Un échange avec une lectrice sur la différence entre la sexualité génitale et la sexualité sacrée. Elle me citait ce passage qui a eu pour elle un impact très puissant. Alors qu'elle cherchait avec son compagnon à développer des "techniques", elle a pris conscience qu'il s'agissait de bien autre chose. Que la quête passait par le corps mais qu'il s'agissait par ce filtre d'atteindre l'état de grâce...Celui qui fait que la simple pensée de l'être aimé libère dans le corps, non pas une simple excitation sexuelle mais une jouissance d'âme. Les techniques relèvent dès lors de la même démarche que celle du yoga : la maîtrise du corps élève l'âme et c'est là d'ailleurs que la Kundalini prend sa source. Sans la fusion corps-âme, rien n'est possible. Sans l'effacement de cette dualité mentale que le corps est un et que l'âme est autre, rien n'est possible. L'individu est Un. Et c'est là qu'il peut devenir l'Autre. De la fusion naît cet orgasme qui est bien au-delà du corps. Les techniques sont des méthodes, nullement une fin. Et la fin orgasmique n'est qu'une étape, l'ouverture d'un autre chemin.

Hier soir, j'ai eu envie de masser Nathalie. Nous nous nous sommes douchés puis elle s'est allongée sur la table de massage. Je me suis assis sur le tabouret, à hauteur de sa tête, j'ai contemplé son corps dans la demi-pénombre puis j'ai posé mes mains sur sa nuque. Et tout s'est embrasé en moi, une vague chaude qui est partie de mon coccyx et est remontée le long de ma colonne jusqu'à irradier dans mon crâne.

J'étais relié, je pouvais commencer, l'énergie était là. 

Kundalini web

"Un auteur de philosophie bouddhiste a émis l’hypothèse de trois couples bien distincts, » commença-t-il, le regard concentré, la voix appliquée, le débit mesuré.

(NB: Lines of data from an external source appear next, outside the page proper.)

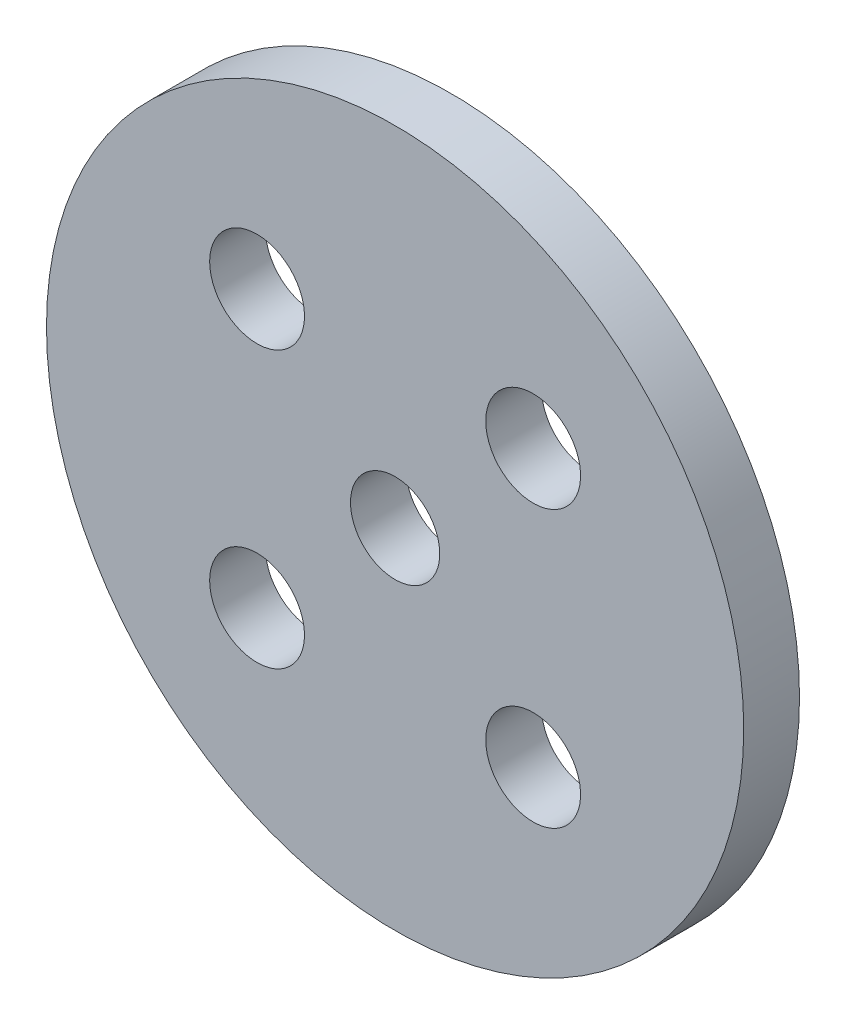
ISO-10303-21;
HEADER;
FILE_DESCRIPTION(('STEP AP214'),'2;1');
FILE_NAME('part.step','',(''),(''),'','','');
FILE_SCHEMA(('AUTOMOTIVE_DESIGN { 1 0 10303 214 1 1 1 1 }'));
ENDSEC;
DATA;
#1=APPLICATION_CONTEXT('core data for automotive mechanical design processes');
#2=APPLICATION_PROTOCOL_DEFINITION('international standard','automotive_design',2000,#1);
#3=PRODUCT_CONTEXT('',#1,'mechanical');
#4=PRODUCT('Part','Part','',(#3));
#5=PRODUCT_RELATED_PRODUCT_CATEGORY('part','',(#4));
#6=PRODUCT_DEFINITION_FORMATION('','',#4);
#7=PRODUCT_DEFINITION_CONTEXT('part definition',#1,'design');
#8=PRODUCT_DEFINITION('design','',#6,#7);
#9=PRODUCT_DEFINITION_SHAPE('','',#8);
#10=(LENGTH_UNIT() NAMED_UNIT(*) SI_UNIT(.MILLI.,.METRE.));
#11=(NAMED_UNIT(*) PLANE_ANGLE_UNIT() SI_UNIT($,.RADIAN.));
#12=(NAMED_UNIT(*) SI_UNIT($,.STERADIAN.) SOLID_ANGLE_UNIT());
#13=UNCERTAINTY_MEASURE_WITH_UNIT(LENGTH_MEASURE(1.E-05),#10,'distance_accuracy_value','');
#14=(GEOMETRIC_REPRESENTATION_CONTEXT(3) GLOBAL_UNCERTAINTY_ASSIGNED_CONTEXT((#13)) GLOBAL_UNIT_ASSIGNED_CONTEXT((#10,
#11,#12)) REPRESENTATION_CONTEXT('',''));
#15=CARTESIAN_POINT('',(0.,0.,0.));
#16=DIRECTION('',(0.,0.,1.));
#17=DIRECTION('',(1.,0.,0.));
#18=AXIS2_PLACEMENT_3D('',#15,#16,#17);
#19=CARTESIAN_POINT('',(1453.29186510434,480.003664233674,0.));
#20=DIRECTION('',(0.,0.,1.));
#21=DIRECTION('',(1.,0.,0.));
#22=AXIS2_PLACEMENT_3D('',#19,#20,#21);
#23=PLANE('',#22);
#24=CARTESIAN_POINT('',(1453.29186510434,480.003664233674,0.));
#25=DIRECTION('',(0.,0.,-1.));
#26=DIRECTION('',(1.,0.,0.));
#27=AXIS2_PLACEMENT_3D('',#24,#25,#26);
#28=CIRCLE('',#27,1.59999999999997);
#29=CARTESIAN_POINT('',(1451.69186510434,480.003664233674,0.));
#30=VERTEX_POINT('',#29);
#31=EDGE_CURVE('E134',#30,#30,#28,.T.);
#32=ORIENTED_EDGE('',*,*,#31,.F.);
#33=EDGE_LOOP('',(#32));
#34=FACE_BOUND('',#33,.T.);
#35=CARTESIAN_POINT('',(1458.24161115843,484.953410287769,0.));
#36=DIRECTION('',(0.,0.,-1.));
#37=DIRECTION('',(1.,0.,0.));
#38=AXIS2_PLACEMENT_3D('',#35,#36,#37);
#39=CIRCLE('',#38,1.69999999999987);
#40=CARTESIAN_POINT('',(1456.54161115843,484.953410287769,0.));
#41=VERTEX_POINT('',#40);
#42=EDGE_CURVE('E88',#41,#41,#39,.T.);
#43=ORIENTED_EDGE('',*,*,#42,.F.);
#44=EDGE_LOOP('',(#43));
#45=FACE_BOUND('',#44,.T.);
#46=CARTESIAN_POINT('',(1448.34211905024,475.053918179578,0.));
#47=DIRECTION('',(0.,0.,-1.));
#48=DIRECTION('',(1.,0.,0.));
#49=AXIS2_PLACEMENT_3D('',#46,#47,#48);
#50=CIRCLE('',#49,1.69999999999987);
#51=CARTESIAN_POINT('',(1446.64211905025,475.053918179578,0.));
#52=VERTEX_POINT('',#51);
#53=EDGE_CURVE('E106',#52,#52,#50,.T.);
#54=ORIENTED_EDGE('',*,*,#53,.F.);
#55=EDGE_LOOP('',(#54));
#56=FACE_BOUND('',#55,.T.);
#57=CARTESIAN_POINT('',(1448.34211905024,484.953410287769,0.));
#58=DIRECTION('',(0.,0.,-1.));
#59=DIRECTION('',(1.,0.,0.));
#60=AXIS2_PLACEMENT_3D('',#57,#58,#59);
#61=CIRCLE('',#60,1.69999999999987);
#62=CARTESIAN_POINT('',(1446.64211905025,484.953410287769,0.));
#63=VERTEX_POINT('',#62);
#64=EDGE_CURVE('E114',#63,#63,#61,.T.);
#65=ORIENTED_EDGE('',*,*,#64,.F.);
#66=EDGE_LOOP('',(#65));
#67=FACE_BOUND('',#66,.T.);
#68=CARTESIAN_POINT('',(1458.24161115843,475.053918179578,0.));
#69=DIRECTION('',(0.,0.,-1.));
#70=DIRECTION('',(1.,0.,0.));
#71=AXIS2_PLACEMENT_3D('',#68,#69,#70);
#72=CIRCLE('',#71,1.69999999999987);
#73=CARTESIAN_POINT('',(1456.54161115843,475.053918179578,0.));
#74=VERTEX_POINT('',#73);
#75=EDGE_CURVE('E127',#74,#74,#72,.T.);
#76=ORIENTED_EDGE('',*,*,#75,.F.);
#77=EDGE_LOOP('',(#76));
#78=FACE_BOUND('',#77,.T.);
#79=CARTESIAN_POINT('',(1453.29186510434,480.003664233674,0.));
#80=DIRECTION('',(0.,0.,1.));
#81=DIRECTION('',(1.,0.,0.));
#82=AXIS2_PLACEMENT_3D('',#79,#80,#81);
#83=CIRCLE('',#82,12.5);
#84=CARTESIAN_POINT('',(1440.79186510434,480.003664233674,0.));
#85=VERTEX_POINT('',#84);
#86=EDGE_CURVE('E11',#85,#85,#83,.T.);
#87=ORIENTED_EDGE('',*,*,#86,.F.);
#88=EDGE_LOOP('',(#87));
#89=FACE_BOUND('',#88,.T.);
#90=ADVANCED_FACE('F17',(#34,#45,#56,#67,#78,#89),#23,.F.);
#91=CARTESIAN_POINT('',(1453.29186510434,480.003664233674,2.));
#92=DIRECTION('',(0.,0.,1.));
#93=DIRECTION('',(1.,0.,0.));
#94=AXIS2_PLACEMENT_3D('',#91,#92,#93);
#95=PLANE('',#94);
#96=CARTESIAN_POINT('',(1453.29186510434,480.003664233674,2.));
#97=DIRECTION('',(0.,0.,-1.));
#98=DIRECTION('',(1.,0.,0.));
#99=AXIS2_PLACEMENT_3D('',#96,#97,#98);
#100=CIRCLE('',#99,1.59999999999997);
#101=CARTESIAN_POINT('',(1451.69186510434,480.003664233674,2.));
#102=VERTEX_POINT('',#101);
#103=EDGE_CURVE('E138',#102,#102,#100,.T.);
#104=ORIENTED_EDGE('',*,*,#103,.T.);
#105=EDGE_LOOP('',(#104));
#106=FACE_BOUND('',#105,.T.);
#107=CARTESIAN_POINT('',(1458.24161115843,484.953410287769,2.));
#108=DIRECTION('',(0.,0.,-1.));
#109=DIRECTION('',(1.,0.,0.));
#110=AXIS2_PLACEMENT_3D('',#107,#108,#109);
#111=CIRCLE('',#110,1.69999999999987);
#112=CARTESIAN_POINT('',(1456.54161115843,484.953410287769,2.));
#113=VERTEX_POINT('',#112);
#114=EDGE_CURVE('E103',#113,#113,#111,.T.);
#115=ORIENTED_EDGE('',*,*,#114,.T.);
#116=EDGE_LOOP('',(#115));
#117=FACE_BOUND('',#116,.T.);
#118=CARTESIAN_POINT('',(1448.34211905024,475.053918179578,2.));
#119=DIRECTION('',(0.,0.,-1.));
#120=DIRECTION('',(1.,0.,0.));
#121=AXIS2_PLACEMENT_3D('',#118,#119,#120);
#122=CIRCLE('',#121,1.69999999999987);
#123=CARTESIAN_POINT('',(1446.64211905025,475.053918179578,2.));
#124=VERTEX_POINT('',#123);
#125=EDGE_CURVE('E95',#124,#124,#122,.T.);
#126=ORIENTED_EDGE('',*,*,#125,.T.);
#127=EDGE_LOOP('',(#126));
#128=FACE_BOUND('',#127,.T.);
#129=CARTESIAN_POINT('',(1448.34211905024,484.953410287769,2.));
#130=DIRECTION('',(0.,0.,-1.));
#131=DIRECTION('',(1.,0.,0.));
#132=AXIS2_PLACEMENT_3D('',#129,#130,#131);
#133=CIRCLE('',#132,1.69999999999987);
#134=CARTESIAN_POINT('',(1446.64211905025,484.953410287769,2.));
#135=VERTEX_POINT('',#134);
#136=EDGE_CURVE('E109',#135,#135,#133,.T.);
#137=ORIENTED_EDGE('',*,*,#136,.T.);
#138=EDGE_LOOP('',(#137));
#139=FACE_BOUND('',#138,.T.);
#140=CARTESIAN_POINT('',(1458.24161115843,475.053918179578,2.));
#141=DIRECTION('',(0.,0.,-1.));
#142=DIRECTION('',(1.,0.,0.));
#143=AXIS2_PLACEMENT_3D('',#140,#141,#142);
#144=CIRCLE('',#143,1.69999999999987);
#145=CARTESIAN_POINT('',(1456.54161115843,475.053918179578,2.));
#146=VERTEX_POINT('',#145);
#147=EDGE_CURVE('E117',#146,#146,#144,.T.);
#148=ORIENTED_EDGE('',*,*,#147,.T.);
#149=EDGE_LOOP('',(#148));
#150=FACE_BOUND('',#149,.T.);
#151=CARTESIAN_POINT('',(1453.29186510434,480.003664233674,2.));
#152=DIRECTION('',(0.,0.,1.));
#153=DIRECTION('',(1.,0.,0.));
#154=AXIS2_PLACEMENT_3D('',#151,#152,#153);
#155=CIRCLE('',#154,12.5);
#156=CARTESIAN_POINT('',(1440.79186510434,480.003664233674,2.));
#157=VERTEX_POINT('',#156);
#158=EDGE_CURVE('E130',#157,#157,#155,.T.);
#159=ORIENTED_EDGE('',*,*,#158,.T.);
#160=EDGE_LOOP('',(#159));
#161=FACE_BOUND('',#160,.T.);
#162=ADVANCED_FACE('F19',(#106,#117,#128,#139,#150,#161),#95,.T.);
#163=CARTESIAN_POINT('',(1453.29186510434,480.003664233674,0.));
#164=DIRECTION('',(0.,0.,1.));
#165=DIRECTION('',(1.,0.,0.));
#166=AXIS2_PLACEMENT_3D('',#163,#164,#165);
#167=CYLINDRICAL_SURFACE('',#166,12.5);
#168=ORIENTED_EDGE('',*,*,#158,.F.);
#169=DIRECTION('',(0.,0.,-1.));
#170=VECTOR('',#169,1.);
#171=CARTESIAN_POINT('',(1440.79186510434,480.003664233674,0.));
#172=LINE('',#171,#170);
#173=EDGE_CURVE('E27',#157,#85,#172,.T.);
#174=ORIENTED_EDGE('',*,*,#173,.T.);
#175=ORIENTED_EDGE('',*,*,#86,.T.);
#176=ORIENTED_EDGE('',*,*,#173,.F.);
#177=EDGE_LOOP('',(#168,#174,#175,#176));
#178=FACE_BOUND('',#177,.T.);
#179=ADVANCED_FACE('F153',(#178),#167,.T.);
#180=CARTESIAN_POINT('',(1458.24161115843,475.053918179578,0.));
#181=DIRECTION('',(0.,0.,1.));
#182=DIRECTION('',(1.,0.,0.));
#183=AXIS2_PLACEMENT_3D('',#180,#181,#182);
#184=CYLINDRICAL_SURFACE('',#183,1.69999999999987);
#185=ORIENTED_EDGE('',*,*,#147,.F.);
#186=DIRECTION('',(0.,0.,-1.));
#187=VECTOR('',#186,1.);
#188=CARTESIAN_POINT('',(1456.54161115843,475.053918179578,0.));
#189=LINE('',#188,#187);
#190=EDGE_CURVE('E121',#146,#74,#189,.T.);
#191=ORIENTED_EDGE('',*,*,#190,.T.);
#192=ORIENTED_EDGE('',*,*,#75,.T.);
#193=ORIENTED_EDGE('',*,*,#190,.F.);
#194=EDGE_LOOP('',(#185,#191,#192,#193));
#195=FACE_BOUND('',#194,.T.);
#196=ADVANCED_FACE('F163',(#195),#184,.F.);
#197=CARTESIAN_POINT('',(1448.34211905024,484.953410287769,0.));
#198=DIRECTION('',(0.,0.,1.));
#199=DIRECTION('',(1.,0.,0.));
#200=AXIS2_PLACEMENT_3D('',#197,#198,#199);
#201=CYLINDRICAL_SURFACE('',#200,1.69999999999987);
#202=ORIENTED_EDGE('',*,*,#136,.F.);
#203=DIRECTION('',(0.,0.,-1.));
#204=VECTOR('',#203,1.);
#205=CARTESIAN_POINT('',(1446.64211905025,484.953410287769,0.));
#206=LINE('',#205,#204);
#207=EDGE_CURVE('E113',#135,#63,#206,.T.);
#208=ORIENTED_EDGE('',*,*,#207,.T.);
#209=ORIENTED_EDGE('',*,*,#64,.T.);
#210=ORIENTED_EDGE('',*,*,#207,.F.);
#211=EDGE_LOOP('',(#202,#208,#209,#210));
#212=FACE_BOUND('',#211,.T.);
#213=ADVANCED_FACE('F179',(#212),#201,.F.);
#214=CARTESIAN_POINT('',(1448.34211905024,475.053918179578,0.));
#215=DIRECTION('',(0.,0.,1.));
#216=DIRECTION('',(1.,0.,0.));
#217=AXIS2_PLACEMENT_3D('',#214,#215,#216);
#218=CYLINDRICAL_SURFACE('',#217,1.69999999999987);
#219=ORIENTED_EDGE('',*,*,#125,.F.);
#220=DIRECTION('',(0.,0.,-1.));
#221=VECTOR('',#220,1.);
#222=CARTESIAN_POINT('',(1446.64211905025,475.053918179578,0.));
#223=LINE('',#222,#221);
#224=EDGE_CURVE('E80',#124,#52,#223,.T.);
#225=ORIENTED_EDGE('',*,*,#224,.T.);
#226=ORIENTED_EDGE('',*,*,#53,.T.);
#227=ORIENTED_EDGE('',*,*,#224,.F.);
#228=EDGE_LOOP('',(#219,#225,#226,#227));
#229=FACE_BOUND('',#228,.T.);
#230=ADVANCED_FACE('F185',(#229),#218,.F.);
#231=CARTESIAN_POINT('',(1458.24161115843,484.953410287769,0.));
#232=DIRECTION('',(0.,0.,1.));
#233=DIRECTION('',(1.,0.,0.));
#234=AXIS2_PLACEMENT_3D('',#231,#232,#233);
#235=CYLINDRICAL_SURFACE('',#234,1.69999999999987);
#236=ORIENTED_EDGE('',*,*,#114,.F.);
#237=DIRECTION('',(0.,0.,-1.));
#238=VECTOR('',#237,1.);
#239=CARTESIAN_POINT('',(1456.54161115843,484.953410287769,0.));
#240=LINE('',#239,#238);
#241=EDGE_CURVE('E91',#113,#41,#240,.T.);
#242=ORIENTED_EDGE('',*,*,#241,.T.);
#243=ORIENTED_EDGE('',*,*,#42,.T.);
#244=ORIENTED_EDGE('',*,*,#241,.F.);
#245=EDGE_LOOP('',(#236,#242,#243,#244));
#246=FACE_BOUND('',#245,.T.);
#247=ADVANCED_FACE('F90',(#246),#235,.F.);
#248=CARTESIAN_POINT('',(1453.29186510434,480.003664233674,0.));
#249=DIRECTION('',(0.,0.,1.));
#250=DIRECTION('',(1.,0.,0.));
#251=AXIS2_PLACEMENT_3D('',#248,#249,#250);
#252=CYLINDRICAL_SURFACE('',#251,1.59999999999997);
#253=ORIENTED_EDGE('',*,*,#103,.F.);
#254=DIRECTION('',(0.,0.,-1.));
#255=VECTOR('',#254,1.);
#256=CARTESIAN_POINT('',(1451.69186510434,480.003664233674,0.));
#257=LINE('',#256,#255);
#258=EDGE_CURVE('E137',#102,#30,#257,.T.);
#259=ORIENTED_EDGE('',*,*,#258,.T.);
#260=ORIENTED_EDGE('',*,*,#31,.T.);
#261=ORIENTED_EDGE('',*,*,#258,.F.);
#262=EDGE_LOOP('',(#253,#259,#260,#261));
#263=FACE_BOUND('',#262,.T.);
#264=ADVANCED_FACE('F190',(#263),#252,.F.);
#265=CLOSED_SHELL('',(#90,#162,#179,#196,#213,#230,#247,#264));
#266=MANIFOLD_SOLID_BREP('B1',#265);
#267=ADVANCED_BREP_SHAPE_REPRESENTATION('',(#18,#266),#14);
#268=SHAPE_DEFINITION_REPRESENTATION(#9,#267);
ENDSEC;
END-ISO-10303-21;

« Le couple carré, le couple triangle et le couple cercle. Dans le couple carré, il y a quatre entités. Une tête et un corps pour chaque partenaire. Le tout symbolisé par les quatre angles du carré. Chaque tête est séparée, existentiellement, de son corps et aucun des deux corps ne fusionnent avec l’autre puisque les deux têtes sont séparées l’une de l’autre. Les seuls points de jonction se situent au niveau génital. Et c’est évidemment désastreux à plus ou moins long terme. Dans ce couple, l’acte sexuel a une intention précise, c’est de maintenir intacte les quatre lignes qui rejoignent les angles. Bien entendu, la pression que ça génère est incompatible avec le sentiment amoureux. Si on dit que la tête est séparée du corps, c’est parce que le mental n’est présent que par pointillés et sur des plans très limités, très mécaniques, très répétitifs. Le reste du temps, il vaque à ses fantasmes ou même à ses absences. Le couple carré est enfermé dans le chacun en soi et sans même que les individus habitent consciemment leurs propres corps. Il n’y a pas de rencontre, pas de communication mais des émissions radio brouillées par des parasites continuels. Les schémas répétitifs sont basés sur la trilogie PCO : préliminaires, coït, orgasme. Il s’agit d’un orgasme à décharge énergétique. Un moyen de se libérer des tensions quotidiennes. Il n’y a pas de conscientisation mais un état de quasi absence qui tend vers le vide. De toute façon, la sexualité est au même niveau d’inconscience que l’ensemble de l’individu.

-Laurent et moi, à la fin de notre histoire.

-C’est le cas de millions de couples, Maud.

-Et les deux autres types alors ?

-Le couple triangle est appelé ainsi car il est constitué de deux partenaires qui parviennent à communier intégralement, corps et âme et à se rejoindre à la pointe du triangle. Il s’agit d’individus qui ont conscience que la sexualité est un acte sacré qui réclame une attention totale et bienveillante, un partage et une quête commune. Les deux personnes vivent dans une communication très forte, un bonheur réel mais, par amour pour leur partenaire, ils sont malgré tout obnubilés, par une certaine idée de l’amour physique et le schéma PCO, préliminaires, coït, orgasme, est toujours en vigueur. Cette recherche de l’orgasme, simultané si possible, les entrave mais ils ne le réalisent pas encore.

-C’est déjà magnifique comme structure, je trouve et elle m’irait bien.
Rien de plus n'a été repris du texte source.